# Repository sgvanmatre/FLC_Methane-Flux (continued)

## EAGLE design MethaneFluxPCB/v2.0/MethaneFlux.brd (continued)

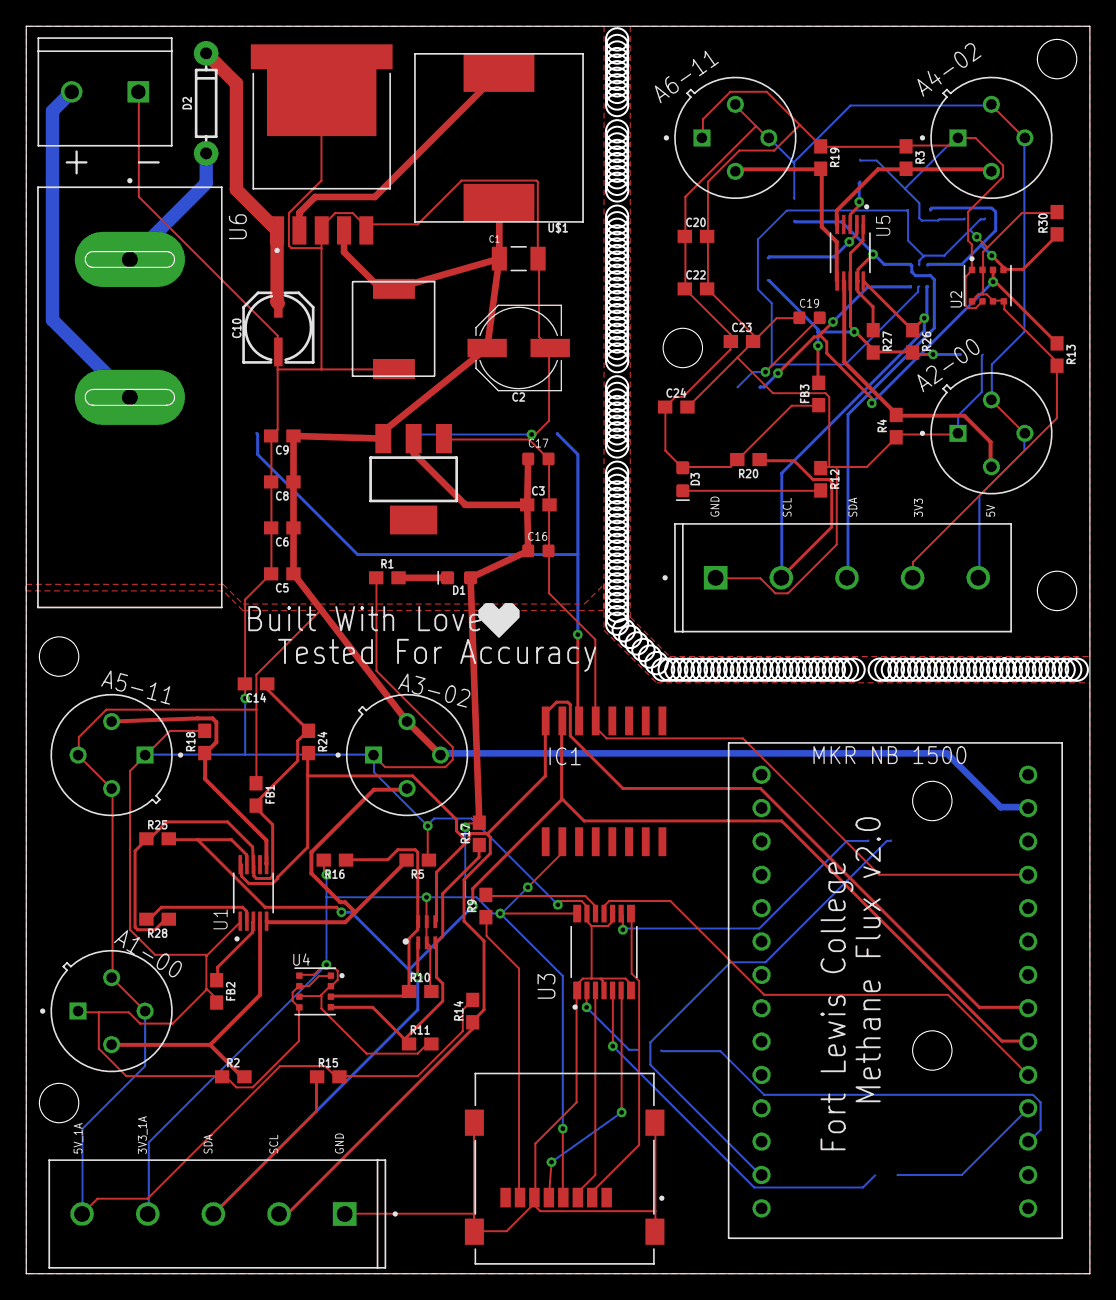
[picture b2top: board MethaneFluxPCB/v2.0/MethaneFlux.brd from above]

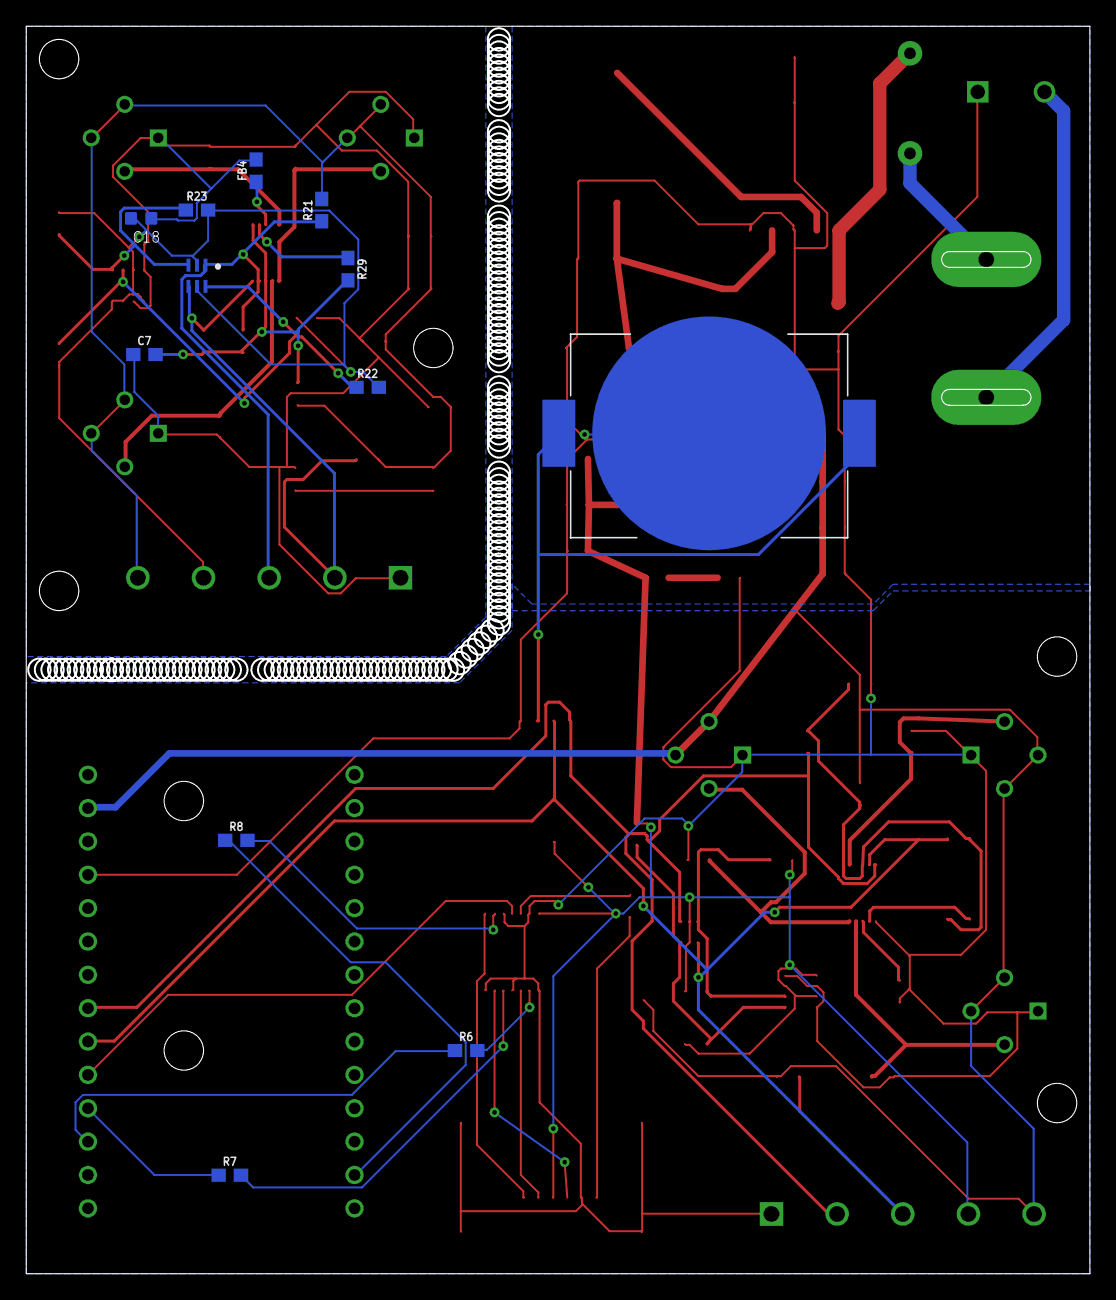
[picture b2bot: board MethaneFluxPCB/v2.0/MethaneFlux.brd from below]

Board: 2 copper layers, 80.8 x 94.8 mm, 82 parts (12 on the bottom side), 45 nets.

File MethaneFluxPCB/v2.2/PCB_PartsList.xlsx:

Qty | Value | Package | Parts | URL
2 | 1.0uF | 603 | C7, C14 | https://www.digikey.com/product-detail/en/samsung-electro-me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
14 | 10k | 603 | R14, R15, R16, R17, R20, R21, R22, R23, R24, R25, R26, R27, R28, R29 | https://www.digikey.com/en/products/detail/stackpole-electro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
8 | 10uF | 603 | C5, C6, C8, C9, C20, C22, C23, C24 | https://www.digikey.com/en/products/detail/samsung-electro-m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
2 | 282836-5 | TE_282836-5 | J1, J2 | https://www.digikey.com/en/products/detail/te-connectivity-a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
1 | 282837-2 | TE_282837-2 | P1 | https://www.digikey.com/en/products/detail/te-connectivity-a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
2 | 2N7002DW | SOT363 | U$3, U$4 | https://www.digikey.com/en/products/detail/onsemi/2N7002DW/1785764
4 | 3.3k | 603 | R6, R7, R8, R9 | https://www.digikey.com/en/products/detail/koa-speer-electro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
4 | 30Ω/1.8A | 603 | FB1, FB2, FB3, FB4 | https://www.digikey.com/en/products/detail/murata-electronic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
4 | 4.7k | 603 | R10, R11, R13, R30 | https://www.digikey.com/en/products/detail/yageo/RC0402JR-07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
8 | 470 | 603 | R1, R2, R3, R4, R5, R12, R18, R19 | https://www.digikey.com/product-detail/en/RC0603JR-07470RL/3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
1 | 74LVC125APW,118 | IC_74LVC125APW,118 | U3 | https://www.digikey.com/en/products/detail/nexperia-usa-inc/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
2 | ADS1115IDGSR | SOP50P490X110-10N | U1, U5 | https://www.digikey.com/en/products/detail/texas-instruments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
1 | BAT-HLD-001 | BAT_BAT-HLD-001 | BT1 | https://www.digikey.com/en/products/detail/te-connectivity-l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
2 | BME680 | PSON80P300X300X100-8N | U2, U4 | https://www.digikey.com/en/products/detail/bosch-sensortec/B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
1 | DS3231/SO | SO16W | IC1 | https://www.digikey.com/en/products/detail/analog-devices-in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
1 | GTFH08131YHR | AMPHENOL_GTFH08131YHR | J3 | https://www.digikey.com/en/products/detail/amphenol-cs-comme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
1 | IN_47UH_3.8A_SMD | INDUCTOR_4X4MM | US1 | https://www.digikey.com/en/products/detail/w-rth-elektronik/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
1 | IN_33UH_3.8A_SMD | INDUCTOR_4X4MM | U$7 | https://www.digikey.com/en/products/detail/w%C3%BCrth-elektr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
1 | LM2596S-5 | VREG_LM2596S-5 | U6 | https://www.digikey.com/en/products/detail/texas-instruments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
2 | LM2596S-3.3 | VREG_LM2596S-3.3 | U7 | https://www.digikey.com/en/products/detail/texas-instruments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
1 | MKRNB1500 | MRKNB1500 | U$5 | https://www.digikey.com/en/products/detail/arduino/ABX00019/9486709
1 | RB141C1100 | SW_RB141C1100 | S1 | https://www.digikey.com/en/products/detail/e-switch/RB141C11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
2 | Yellow | LED-0603 | D1, D3 | https://www.digikey.com/en/products/detail/w%C3%BCrth-elektr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
2 | SS34_214AB | SOD-323 | U$2, U$6 | https://www.digikey.com/product-detail/en/on-semiconductor/S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
2 | TAJC227K006RNJ | CAPPM6032X280N | C1, C2 | https://www.digikey.com/en/products/detail/kyocera-avx/TAJC2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
2 | TAJD107K016RNJ | CAPPM7344X310N | C3, C4 | https://www.digikey.com/en/products/detail/kyocera-avx/TAJD1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
2 | TGS2600 | TO255P920H830-4 | A1-00, A2-00
2 | TGS2602 | TGS2602 | A3-02, A4-02
2 | TGS2611 | TGS2611 | A5-11, A6-11
4 | VJ0603Y104KLXAC5G | CAPC1608X92N | C16, C17, C18, C19 | https://www.digikey.com/en/products/detail/nextgen-component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

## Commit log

2024-05-02 Rename MethaneFluxPCB/PCB_PartsList.xlsx to MethaneFluxPCB/v2.2/PCB_PartsList.xlsx
2024-07-10 Add files via upload
    Calibration Test File

◇ ◇ ◇

» **WORK REQUIRED**: Look through the records above for the string "from", then copy every line that has it.

» **TASK OUTPUT**:
[picture b2top: board MethaneFluxPCB/v2.0/MethaneFlux.brd from above]
[picture b2bot: board MethaneFluxPCB/v2.0/MethaneFlux.brd from below]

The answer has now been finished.